Establish the number of lines below that contain the string "roller". State that number alone.

### Input material ###

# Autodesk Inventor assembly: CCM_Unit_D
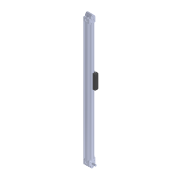
[picture p0: Inventor's stored thumbnail of the model, 180x180]
Saved by Autodesk Inventor 2020 (Build 240168000, 168)
## iProperties
Created: 2021-02-24
Part Number: CCM_Unit_D
Document SubType Name: Assembly
Designer: magnarecta
Author: magnarecta
## Documents named in this file (5)
- D:\Document\Github\Eto_Project\Hardware\Parts\CCM\CCM motion linear guide rail\CCM_UNIT\CCM_Unit_D.iam
- D:\Document\Github\Eto_Project\Hardware\Parts\CCM\CCM motion linear guide rail\CCM_UNIT\RAIL W40-06_B_MIR.ipt
- D:\Document\Github\Eto_Project\Hardware\Parts\CCM\CCM motion linear guide rail\CCM_UNIT\TAILSTOCK W40-00_0+0_MIR.ipt
- D:\Document\Github\Eto_Project\Hardware\Parts\CCM\CCM motion linear guide rail\CCM_UNIT\CART HK32-06W-00__1_MIR.ipt
- D:\Document\Github\Eto_Project\Hardware\Parts\CCM\CCM motion linear guide rail\CCM_UNIT\TAILSTOCK W40-00_0+22_1_MIR.ipt
## Components (4 placed, 4 different names)
1. RAIL W40-06_B_MIR:1 — フラッシュ:7, フラッシュ:8, メイト:4, フラッシュ:9, フラッシュ:10, メイト:5, スライダ:2
2. TAILSTOCK W40-00_0+0_MIR:1 — フラッシュ:7, フラッシュ:8, メイト:4
3. CART HK32-06W-00__1_MIR:1 — スライダ:2
4. TAILSTOCK W40-00_0+22_1_MIR:1 — フラッシュ:9, フラッシュ:10, メイト:5
## Relationships (7: Flush 4, Mate 2, TranslationJoint 1)
- フラッシュ:7 [Flush]: RAIL W40-06_B_MIR:1 ↔ TAILSTOCK W40-00_0+0_MIR:1
- フラッシュ:8 [Flush]: RAIL W40-06_B_MIR:1 ↔ TAILSTOCK W40-00_0+0_MIR:1
- メイト:4 [Mate]: RAIL W40-06_B_MIR:1 ↔ TAILSTOCK W40-00_0+0_MIR:1
- フラッシュ:9 [Flush]: RAIL W40-06_B_MIR:1 ↔ TAILSTOCK W40-00_0+22_1_MIR:1
- フラッシュ:10 [Flush]: RAIL W40-06_B_MIR:1 ↔ TAILSTOCK W40-00_0+22_1_MIR:1
- メイト:5 [Mate]: RAIL W40-06_B_MIR:1 ↔ TAILSTOCK W40-00_0+22_1_MIR:1
- スライダ:2 [TranslationJoint]: RAIL W40-06_B_MIR:1 ↔ CART HK32-06W-00__1_MIR:1
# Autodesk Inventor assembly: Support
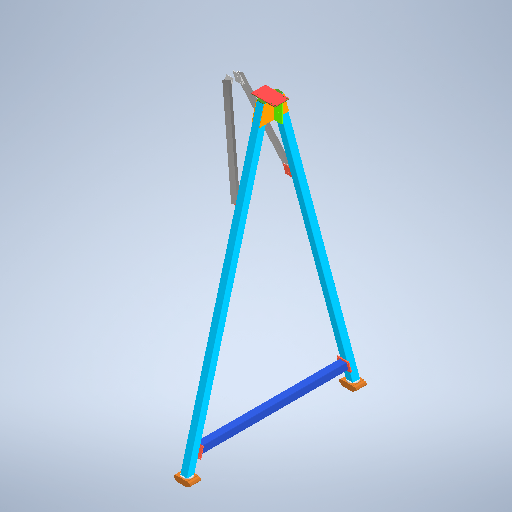
[picture p0: Inventor's stored thumbnail of the model, 512x512]
Saved by Autodesk Inventor 2025 (Build 290162010, 162A)
## iProperties
Created: 2024-06-18
Part Number: Support
Document SubType Name: Assembly
Designer: admin
Stock Number: Опора
Author: admin
## Documents named in this file (13)
- C:\Users\pokla\Documents\Inventor\Goat\Support.iam
- C:\Users\pokla\Documents\Inventor\Goat\Сrane plate 3.ipt
- C:\Users\pokla\Documents\Inventor\Goat\Stand.ipt
- C:\Users\pokla\Documents\Inventor\Goat\Сrane plate 4.ipt
- C:\Users\pokla\Documents\Inventor\Goat\Сrane plate 6.ipt
- C:\Users\pokla\Documents\Inventor\Goat\Сrane plate 2.ipt
- C:\Users\pokla\Documents\Inventor\Goat\Сrane plate 5.ipt
- C:\Users\pokla\Documents\Inventor\Goat\roller platform.ipt
- C:\Users\pokla\Documents\Inventor\Goat\foot.ipt
- C:\Users\pokla\Documents\Inventor\Goat\Crossbar.ipt
- C:\Users\pokla\Documents\Inventor\Goat\Сrane plate 1.ipt
- C:\Users\pokla\Documents\Inventor\Goat\Оттяжки.iam
- C:\Users\pokla\Documents\Inventor\Goat\Оттяжка 2.iam
## Components (24 placed, 12 different names)
1. Сrane plate 3.ipt:1 — Mate:11, Mate:12, Mate:13, Flush:6, Flush:7, Rigid:3
2. Stand.ipt:1 — Mate:9, Mate:10, Rigid:1
3. Сrane plate 4.ipt:1
4. Сrane plate 6.ipt:1 — Rigid:7
5. Сrane plate 4.ipt:2
6. Сrane plate 2.ipt:1 — Mate:11, Mate:12, Mate:13
7. Сrane plate 5.ipt:1 — Mate:9, Mate:10
8. roller platform.ipt:1 — Rigid:2, Mate:14
9. foot.ipt:1 — Rigid:1, Rigid:2
10. Сrane plate 3.ipt:2 — Rigid:3, Rigid:4, Mate:18, Mate:20
11. Сrane plate 2.ipt:2 — Rigid:4, Mate:19, Mate:21, Mate:23, Rigid:9
12. Сrane plate 4.ipt:3 — Mate:18, Mate:19, Flush:12, Flush:13
13. Сrane plate 4.ipt:4 — Mate:20, Mate:21, Mate:22, Mate:24
14. Stand.ipt:2 — Mate:23, Mate:24, Flush:13, Rigid:5, Mate:26, Mate:29, Flush:31, Mate:35, Mate:38
15. foot.ipt:2 — Rigid:5, Rigid:6
16. roller platform.ipt:2 — Rigid:6
17. Сrane plate 6.ipt:2 — Mate:26, Mate:27, Rigid:8, Mate:38
18. Сrane plate 5.ipt:3 — Mate:29, Flush:31, Mate:35
19. Сrane plate 6.ipt:3 — Rigid:7
20. Сrane plate 6.ipt:4 — Rigid:8, Mate:41
21. Crossbar.ipt:1 — Mate:39, Mate:40, Mate:41
22. Сrane plate 1:1 — Rigid:9
23. Оттяжки:1 [sub-assembly]
24. Оттяжка 2:1 [sub-assembly]
## Relationships (52: Mate 31, Flush 10, WeldJoint 9, RevoluteJoint 2)
- [Mate]: Stand.ipt:1 ↔ Сrane plate 4.ipt:1
- [Mate]: Stand.ipt:1 ↔ Сrane plate 4.ipt:2
- [Flush]: Stand.ipt:1 ↔ Сrane plate 4.ipt:2
- [Flush]: Stand.ipt:1 ↔ Сrane plate 4.ipt:1
- [Flush]: Stand.ipt:1 ↔ Сrane plate 4.ipt:1
- [Flush]: Stand.ipt:1 ↔ Сrane plate 4.ipt:2
- [Flush]: Stand.ipt:1 ↔ Сrane plate 2.ipt:1
- [Mate]: Stand.ipt:1 ↔ Сrane plate 2.ipt:1
- [Mate]: Stand.ipt:1 ↔ Сrane plate 6.ipt:1
- [Mate]: Stand.ipt:1 ↔ Сrane plate 6.ipt:1
- [Mate]: Сrane plate 3.ipt:1 ↔ Сrane plate 4.ipt:2
- [Mate] (-200 mm): Stand.ipt:1 ↔ Сrane plate 6.ipt:1
- [Mate]: Stand.ipt:1 ↔ Сrane plate 5.ipt:1
- Mate:9 (-45 mm): Stand.ipt:1 ↔ Сrane plate 5.ipt:1
- Mate:10 (1271 mm): Stand.ipt:1 ↔ Сrane plate 5.ipt:1
- Mate:11: Сrane plate 3.ipt:1 ↔ Сrane plate 2.ipt:1
- Mate:12: Сrane plate 3.ipt:1 ↔ Сrane plate 2.ipt:1
- Mate:13: Сrane plate 3.ipt:1 ↔ Сrane plate 2.ipt:1
- Flush:6: Сrane plate 3.ipt:1
- Flush:7: Сrane plate 3.ipt:1
- Rigid:1 [WeldJoint]: Stand.ipt:1 ↔ foot.ipt:1
- Rigid:2 [WeldJoint]: roller platform.ipt:1 ↔ foot.ipt:1
- Mate:14: roller platform.ipt:1
- [RevoluteJoint]: Сrane plate 5.ipt:1 ↔ Оттяжки:1
- Rigid:3 [WeldJoint]: Сrane plate 3.ipt:1 ↔ Сrane plate 3.ipt:2
- Rigid:4 [WeldJoint]: Сrane plate 3.ipt:2 ↔ Сrane plate 2.ipt:2
- Mate:18: Сrane plate 3.ipt:2 ↔ Сrane plate 4.ipt:3
- Mate:19: Сrane plate 2.ipt:2 ↔ Сrane plate 4.ipt:3
- Flush:12 (60 mm): Сrane plate 4.ipt:3
- Mate:20: Сrane plate 3.ipt:2 ↔ Сrane plate 4.ipt:4
- Mate:21: Сrane plate 2.ipt:2 ↔ Сrane plate 4.ipt:4
- Mate:22 (60 mm): Сrane plate 4.ipt:4
- Mate:23: Сrane plate 2.ipt:2 ↔ Stand.ipt:2
- Mate:24: Сrane plate 4.ipt:4 ↔ Stand.ipt:2
- Flush:13: Сrane plate 4.ipt:3 ↔ Stand.ipt:2
- Rigid:5 [WeldJoint]: Stand.ipt:2 ↔ foot.ipt:2
- Rigid:6 [WeldJoint]: foot.ipt:2 ↔ roller platform.ipt:2
- [Mate]: Сrane plate 5.ipt:1 ↔ Оттяжки:1
- Mate:26: Stand.ipt:2 ↔ Сrane plate 6.ipt:2
- Mate:27: Сrane plate 6.ipt:2
- Mate:29: Stand.ipt:2 ↔ Сrane plate 5.ipt:3
- Flush:31 (45 mm): Stand.ipt:2 ↔ Сrane plate 5.ipt:3
- Mate:35 (1271 mm): Stand.ipt:2 ↔ Сrane plate 5.ipt:3
- [RevoluteJoint]: Сrane plate 5.ipt:3 ↔ Оттяжка 2:1
- [Mate]: Сrane plate 5.ipt:3 ↔ Оттяжка 2:1
- Rigid:7 [WeldJoint]: Сrane plate 6.ipt:1 ↔ Сrane plate 6.ipt:3
- Rigid:8 [WeldJoint]: Сrane plate 6.ipt:2 ↔ Сrane plate 6.ipt:4
- Mate:38 (-200 mm): Stand.ipt:2 ↔ Сrane plate 6.ipt:2
- Mate:39: Crossbar.ipt:1
- Mate:40: Crossbar.ipt:1
- Mate:41 (26.8 mm): Сrane plate 6.ipt:4 ↔ Crossbar.ipt:1
- Rigid:9 [WeldJoint]: Сrane plate 2.ipt:2 ↔ Сrane plate 1:1

###

**Answer to this task**
6